What the exercise asks: Copy, word for word, the opening line of the data and each line after it until the line that contains "#7=PRODUCT_DEFINITION_CONTEXT('part definition',#1,'design');", which is included. Leave the pictures out.

Extracted entries:
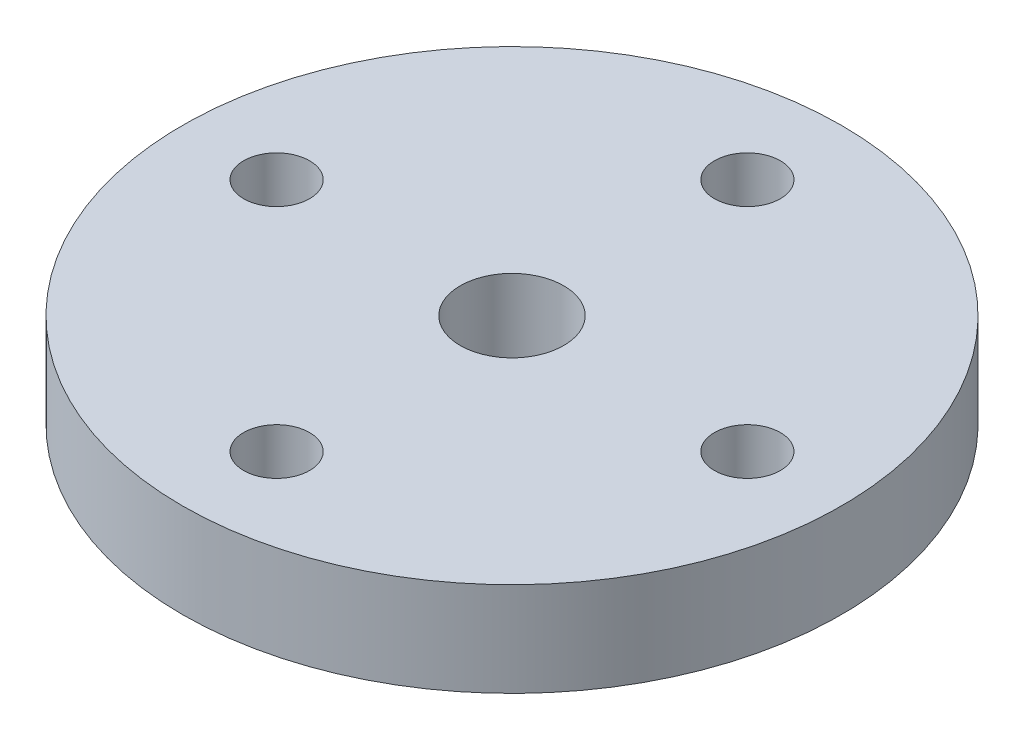
ISO-10303-21;
HEADER;
FILE_DESCRIPTION(('STEP AP214'),'2;1');
FILE_NAME('part.step','',(''),(''),'','','');
FILE_SCHEMA(('AUTOMOTIVE_DESIGN { 1 0 10303 214 1 1 1 1 }'));
ENDSEC;
DATA;
#1=APPLICATION_CONTEXT('core data for automotive mechanical design processes');
#2=APPLICATION_PROTOCOL_DEFINITION('international standard','automotive_design',2000,#1);
#3=PRODUCT_CONTEXT('',#1,'mechanical');
#4=PRODUCT('Part','Part','',(#3));
#5=PRODUCT_RELATED_PRODUCT_CATEGORY('part','',(#4));
#6=PRODUCT_DEFINITION_FORMATION('','',#4);
#7=PRODUCT_DEFINITION_CONTEXT('part definition',#1,'design');
#8=PRODUCT_DEFINITION('design','',#6,#7);
#9=PRODUCT_DEFINITION_SHAPE('','',#8);
#10=(LENGTH_UNIT() NAMED_UNIT(*) SI_UNIT(.MILLI.,.METRE.));
#11=(NAMED_UNIT(*) PLANE_ANGLE_UNIT() SI_UNIT($,.RADIAN.));
#12=(NAMED_UNIT(*) SI_UNIT($,.STERADIAN.) SOLID_ANGLE_UNIT());
#13=UNCERTAINTY_MEASURE_WITH_UNIT(LENGTH_MEASURE(1.E-05),#10,'distance_accuracy_value','');
#14=(GEOMETRIC_REPRESENTATION_CONTEXT(3) GLOBAL_UNCERTAINTY_ASSIGNED_CONTEXT((#13)) GLOBAL_UNIT_ASSIGNED_CONTEXT((#10,
#11,#12)) REPRESENTATION_CONTEXT('',''));
#15=CARTESIAN_POINT('',(0.,0.,0.));
#16=DIRECTION('',(0.,0.,1.));
#17=DIRECTION('',(1.,0.,0.));
#18=AXIS2_PLACEMENT_3D('',#15,#16,#17);
#19=CARTESIAN_POINT('',(0.,3.,0.));
#20=DIRECTION('',(0.,1.,0.));
#21=DIRECTION('',(0.,0.,1.));
#22=AXIS2_PLACEMENT_3D('',#19,#20,#21);
#23=PLANE('',#22);
#24=CARTESIAN_POINT('',(7.5,3.,0.));
#25=DIRECTION('',(0.,1.,0.));
#26=DIRECTION('',(0.,0.,1.));
#27=AXIS2_PLACEMENT_3D('',#24,#25,#26);
#28=CIRCLE('',#27,1.05);
#29=CARTESIAN_POINT('',(7.5,3.,1.05));
#30=VERTEX_POINT('',#29);
#31=EDGE_CURVE('E76',#30,#30,#28,.T.);
#32=ORIENTED_EDGE('',*,*,#31,.F.);
#33=EDGE_LOOP('',(#32));
#34=FACE_BOUND('',#33,.T.);
#35=CARTESIAN_POINT('',(-7.5,3.,0.));
#36=DIRECTION('',(0.,1.,0.));
#37=DIRECTION('',(0.,0.,1.));
#38=AXIS2_PLACEMENT_3D('',#35,#36,#37);
#39=CIRCLE('',#38,1.05);
#40=CARTESIAN_POINT('',(-7.5,3.,1.05));
#41=VERTEX_POINT('',#40);
#42=EDGE_CURVE('E61',#41,#41,#39,.T.);
#43=ORIENTED_EDGE('',*,*,#42,.F.);
#44=EDGE_LOOP('',(#43));
#45=FACE_BOUND('',#44,.T.);
#46=CARTESIAN_POINT('',(0.,3.,0.));
#47=DIRECTION('',(0.,1.,0.));
#48=DIRECTION('',(0.,0.,1.));
#49=AXIS2_PLACEMENT_3D('',#46,#47,#48);
#50=CIRCLE('',#49,10.5);
#51=CARTESIAN_POINT('',(0.,3.,10.5));
#52=VERTEX_POINT('',#51);
#53=EDGE_CURVE('E10',#52,#52,#50,.T.);
#54=ORIENTED_EDGE('',*,*,#53,.T.);
#55=EDGE_LOOP('',(#54));
#56=FACE_BOUND('',#55,.T.);
#57=CARTESIAN_POINT('',(0.,3.,0.));
#58=DIRECTION('',(0.,1.,0.));
#59=DIRECTION('',(0.,0.,1.));
#60=AXIS2_PLACEMENT_3D('',#57,#58,#59);
#61=CIRCLE('',#60,1.65);
#62=CARTESIAN_POINT('',(0.,3.,1.65));
#63=VERTEX_POINT('',#62);
#64=EDGE_CURVE('E56',#63,#63,#61,.T.);
#65=ORIENTED_EDGE('',*,*,#64,.F.);
#66=EDGE_LOOP('',(#65));
#67=FACE_BOUND('',#66,.T.);
#68=CARTESIAN_POINT('',(0.,3.,-7.5));
#69=DIRECTION('',(0.,1.,0.));
#70=DIRECTION('',(0.,0.,1.));
#71=AXIS2_PLACEMENT_3D('',#68,#69,#70);
#72=CIRCLE('',#71,1.05);
#73=CARTESIAN_POINT('',(0.,3.,-6.45));
#74=VERTEX_POINT('',#73);
#75=EDGE_CURVE('E68',#74,#74,#72,.T.);
#76=ORIENTED_EDGE('',*,*,#75,.F.);
#77=EDGE_LOOP('',(#76));
#78=FACE_BOUND('',#77,.T.);
#79=CARTESIAN_POINT('',(0.,3.,7.5));
#80=DIRECTION('',(0.,1.,0.));
#81=DIRECTION('',(0.,0.,1.));
#82=AXIS2_PLACEMENT_3D('',#79,#80,#81);
#83=CIRCLE('',#82,1.05);
#84=CARTESIAN_POINT('',(0.,3.,8.55));
#85=VERTEX_POINT('',#84);
#86=EDGE_CURVE('E84',#85,#85,#83,.T.);
#87=ORIENTED_EDGE('',*,*,#86,.F.);
#88=EDGE_LOOP('',(#87));
#89=FACE_BOUND('',#88,.T.);
#90=ADVANCED_FACE('F41',(#34,#45,#56,#67,#78,#89),#23,.T.);
#91=CARTESIAN_POINT('',(0.,0.,0.));
#92=DIRECTION('',(0.,1.,0.));
#93=DIRECTION('',(0.,0.,1.));
#94=AXIS2_PLACEMENT_3D('',#91,#92,#93);
#95=PLANE('',#94);
#96=CARTESIAN_POINT('',(0.,0.,0.));
#97=DIRECTION('',(0.,1.,0.));
#98=DIRECTION('',(0.,0.,1.));
#99=AXIS2_PLACEMENT_3D('',#96,#97,#98);
#100=CIRCLE('',#99,10.5);
#101=CARTESIAN_POINT('',(0.,0.,10.5));
#102=VERTEX_POINT('',#101);
#103=EDGE_CURVE('E45',#102,#102,#100,.T.);
#104=ORIENTED_EDGE('',*,*,#103,.F.);
#105=EDGE_LOOP('',(#104));
#106=FACE_BOUND('',#105,.T.);
#107=CARTESIAN_POINT('',(0.,0.,0.));
#108=DIRECTION('',(0.,1.,0.));
#109=DIRECTION('',(0.,0.,1.));
#110=AXIS2_PLACEMENT_3D('',#107,#108,#109);
#111=CIRCLE('',#110,1.65);
#112=CARTESIAN_POINT('',(0.,0.,1.65));
#113=VERTEX_POINT('',#112);
#114=EDGE_CURVE('E58',#113,#113,#111,.T.);
#115=ORIENTED_EDGE('',*,*,#114,.T.);
#116=EDGE_LOOP('',(#115));
#117=FACE_BOUND('',#116,.T.);
#118=CARTESIAN_POINT('',(-7.5,0.,0.));
#119=DIRECTION('',(0.,1.,0.));
#120=DIRECTION('',(0.,0.,1.));
#121=AXIS2_PLACEMENT_3D('',#118,#119,#120);
#122=CIRCLE('',#121,1.05);
#123=CARTESIAN_POINT('',(-7.5,0.,1.05));
#124=VERTEX_POINT('',#123);
#125=EDGE_CURVE('E65',#124,#124,#122,.T.);
#126=ORIENTED_EDGE('',*,*,#125,.T.);
#127=EDGE_LOOP('',(#126));
#128=FACE_BOUND('',#127,.T.);
#129=CARTESIAN_POINT('',(0.,0.,-7.5));
#130=DIRECTION('',(0.,1.,0.));
#131=DIRECTION('',(0.,0.,1.));
#132=AXIS2_PLACEMENT_3D('',#129,#130,#131);
#133=CIRCLE('',#132,1.05);
#134=CARTESIAN_POINT('',(0.,0.,-6.45));
#135=VERTEX_POINT('',#134);
#136=EDGE_CURVE('E72',#135,#135,#133,.T.);
#137=ORIENTED_EDGE('',*,*,#136,.T.);
#138=EDGE_LOOP('',(#137));
#139=FACE_BOUND('',#138,.T.);
#140=CARTESIAN_POINT('',(7.5,0.,0.));
#141=DIRECTION('',(0.,1.,0.));
#142=DIRECTION('',(0.,0.,1.));
#143=AXIS2_PLACEMENT_3D('',#140,#141,#142);
#144=CIRCLE('',#143,1.05);
#145=CARTESIAN_POINT('',(7.5,0.,1.05));
#146=VERTEX_POINT('',#145);
#147=EDGE_CURVE('E80',#146,#146,#144,.T.);
#148=ORIENTED_EDGE('',*,*,#147,.T.);
#149=EDGE_LOOP('',(#148));
#150=FACE_BOUND('',#149,.T.);
#151=CARTESIAN_POINT('',(0.,0.,7.5));
#152=DIRECTION('',(0.,1.,0.));
#153=DIRECTION('',(0.,0.,1.));
#154=AXIS2_PLACEMENT_3D('',#151,#152,#153);
#155=CIRCLE('',#154,1.05);
#156=CARTESIAN_POINT('',(0.,0.,8.55));
#157=VERTEX_POINT('',#156);
#158=EDGE_CURVE('E88',#157,#157,#155,.T.);
#159=ORIENTED_EDGE('',*,*,#158,.T.);
#160=EDGE_LOOP('',(#159));
#161=FACE_BOUND('',#160,.T.);
#162=ADVANCED_FACE('F100',(#106,#117,#128,#139,#150,#161),#95,.F.);
#163=CARTESIAN_POINT('',(0.,3.,0.));
#164=DIRECTION('',(0.,-1.,0.));
#165=DIRECTION('',(0.,0.,-1.));
#166=AXIS2_PLACEMENT_3D('',#163,#164,#165);
#167=CYLINDRICAL_SURFACE('',#166,10.5);
#168=ORIENTED_EDGE('',*,*,#53,.F.);
#169=EDGE_LOOP('',(#168));
#170=FACE_BOUND('',#169,.T.);
#171=ORIENTED_EDGE('',*,*,#103,.T.);
#172=EDGE_LOOP('',(#171));
#173=FACE_BOUND('',#172,.T.);
#174=ADVANCED_FACE('F43',(#170,#173),#167,.T.);
#175=CARTESIAN_POINT('',(0.,3.,0.));
#176=DIRECTION('',(0.,-1.,0.));
#177=DIRECTION('',(0.,0.,-1.));
#178=AXIS2_PLACEMENT_3D('',#175,#176,#177);
#179=CYLINDRICAL_SURFACE('',#178,1.65);
#180=ORIENTED_EDGE('',*,*,#64,.T.);
#181=EDGE_LOOP('',(#180));
#182=FACE_BOUND('',#181,.T.);
#183=ORIENTED_EDGE('',*,*,#114,.F.);
#184=EDGE_LOOP('',(#183));
#185=FACE_BOUND('',#184,.T.);
#186=ADVANCED_FACE('F109',(#182,#185),#179,.F.);
#187=CARTESIAN_POINT('',(-7.5,3.,0.));
#188=DIRECTION('',(0.,-1.,0.));
#189=DIRECTION('',(0.,0.,-1.));
#190=AXIS2_PLACEMENT_3D('',#187,#188,#189);
#191=CYLINDRICAL_SURFACE('',#190,1.05);
#192=ORIENTED_EDGE('',*,*,#42,.T.);
#193=EDGE_LOOP('',(#192));
#194=FACE_BOUND('',#193,.T.);
#195=ORIENTED_EDGE('',*,*,#125,.F.);
#196=EDGE_LOOP('',(#195));
#197=FACE_BOUND('',#196,.T.);
#198=ADVANCED_FACE('F112',(#194,#197),#191,.F.);
#199=CARTESIAN_POINT('',(0.,3.,-7.5));
#200=DIRECTION('',(0.,-1.,0.));
#201=DIRECTION('',(0.,0.,-1.));
#202=AXIS2_PLACEMENT_3D('',#199,#200,#201);
#203=CYLINDRICAL_SURFACE('',#202,1.05);
#204=ORIENTED_EDGE('',*,*,#75,.T.);
#205=EDGE_LOOP('',(#204));
#206=FACE_BOUND('',#205,.T.);
#207=ORIENTED_EDGE('',*,*,#136,.F.);
#208=EDGE_LOOP('',(#207));
#209=FACE_BOUND('',#208,.T.);
#210=ADVANCED_FACE('F116',(#206,#209),#203,.F.);
#211=CARTESIAN_POINT('',(7.5,3.,0.));
#212=DIRECTION('',(0.,-1.,0.));
#213=DIRECTION('',(0.,0.,-1.));
#214=AXIS2_PLACEMENT_3D('',#211,#212,#213);
#215=CYLINDRICAL_SURFACE('',#214,1.05);
#216=ORIENTED_EDGE('',*,*,#31,.T.);
#217=EDGE_LOOP('',(#216));
#218=FACE_BOUND('',#217,.T.);
#219=ORIENTED_EDGE('',*,*,#147,.F.);
#220=EDGE_LOOP('',(#219));
#221=FACE_BOUND('',#220,.T.);
#222=ADVANCED_FACE('F120',(#218,#221),#215,.F.);
#223=CARTESIAN_POINT('',(0.,3.,7.5));
#224=DIRECTION('',(0.,-1.,0.));
#225=DIRECTION('',(0.,0.,-1.));
#226=AXIS2_PLACEMENT_3D('',#223,#224,#225);
#227=CYLINDRICAL_SURFACE('',#226,1.05);
#228=ORIENTED_EDGE('',*,*,#86,.T.);
#229=EDGE_LOOP('',(#228));
#230=FACE_BOUND('',#229,.T.);
#231=ORIENTED_EDGE('',*,*,#158,.F.);
#232=EDGE_LOOP('',(#231));
#233=FACE_BOUND('',#232,.T.);
#234=ADVANCED_FACE('F96',(#230,#233),#227,.F.);
#235=CLOSED_SHELL('',(#90,#162,#174,#186,#198,#210,#222,#234));
#236=MANIFOLD_SOLID_BREP('B2',#235);
#237=ADVANCED_BREP_SHAPE_REPRESENTATION('',(#18,#236),#14);
#238=SHAPE_DEFINITION_REPRESENTATION(#9,#237);
ENDSEC;
END-ISO-10303-21;

Task result:
ISO-10303-21;
HEADER;
FILE_DESCRIPTION(('STEP AP214'),'2;1');
FILE_NAME('part.step','',(''),(''),'','','');
FILE_SCHEMA(('AUTOMOTIVE_DESIGN { 1 0 10303 214 1 1 1 1 }'));
ENDSEC;
DATA;
#1=APPLICATION_CONTEXT('core data for automotive mechanical design processes');
#2=APPLICATION_PROTOCOL_DEFINITION('international standard','automotive_design',2000,#1);
#3=PRODUCT_CONTEXT('',#1,'mechanical');
#4=PRODUCT('Part','Part','',(#3));
#5=PRODUCT_RELATED_PRODUCT_CATEGORY('part','',(#4));
#6=PRODUCT_DEFINITION_FORMATION('','',#4);
#7=PRODUCT_DEFINITION_CONTEXT('part definition',#1,'design');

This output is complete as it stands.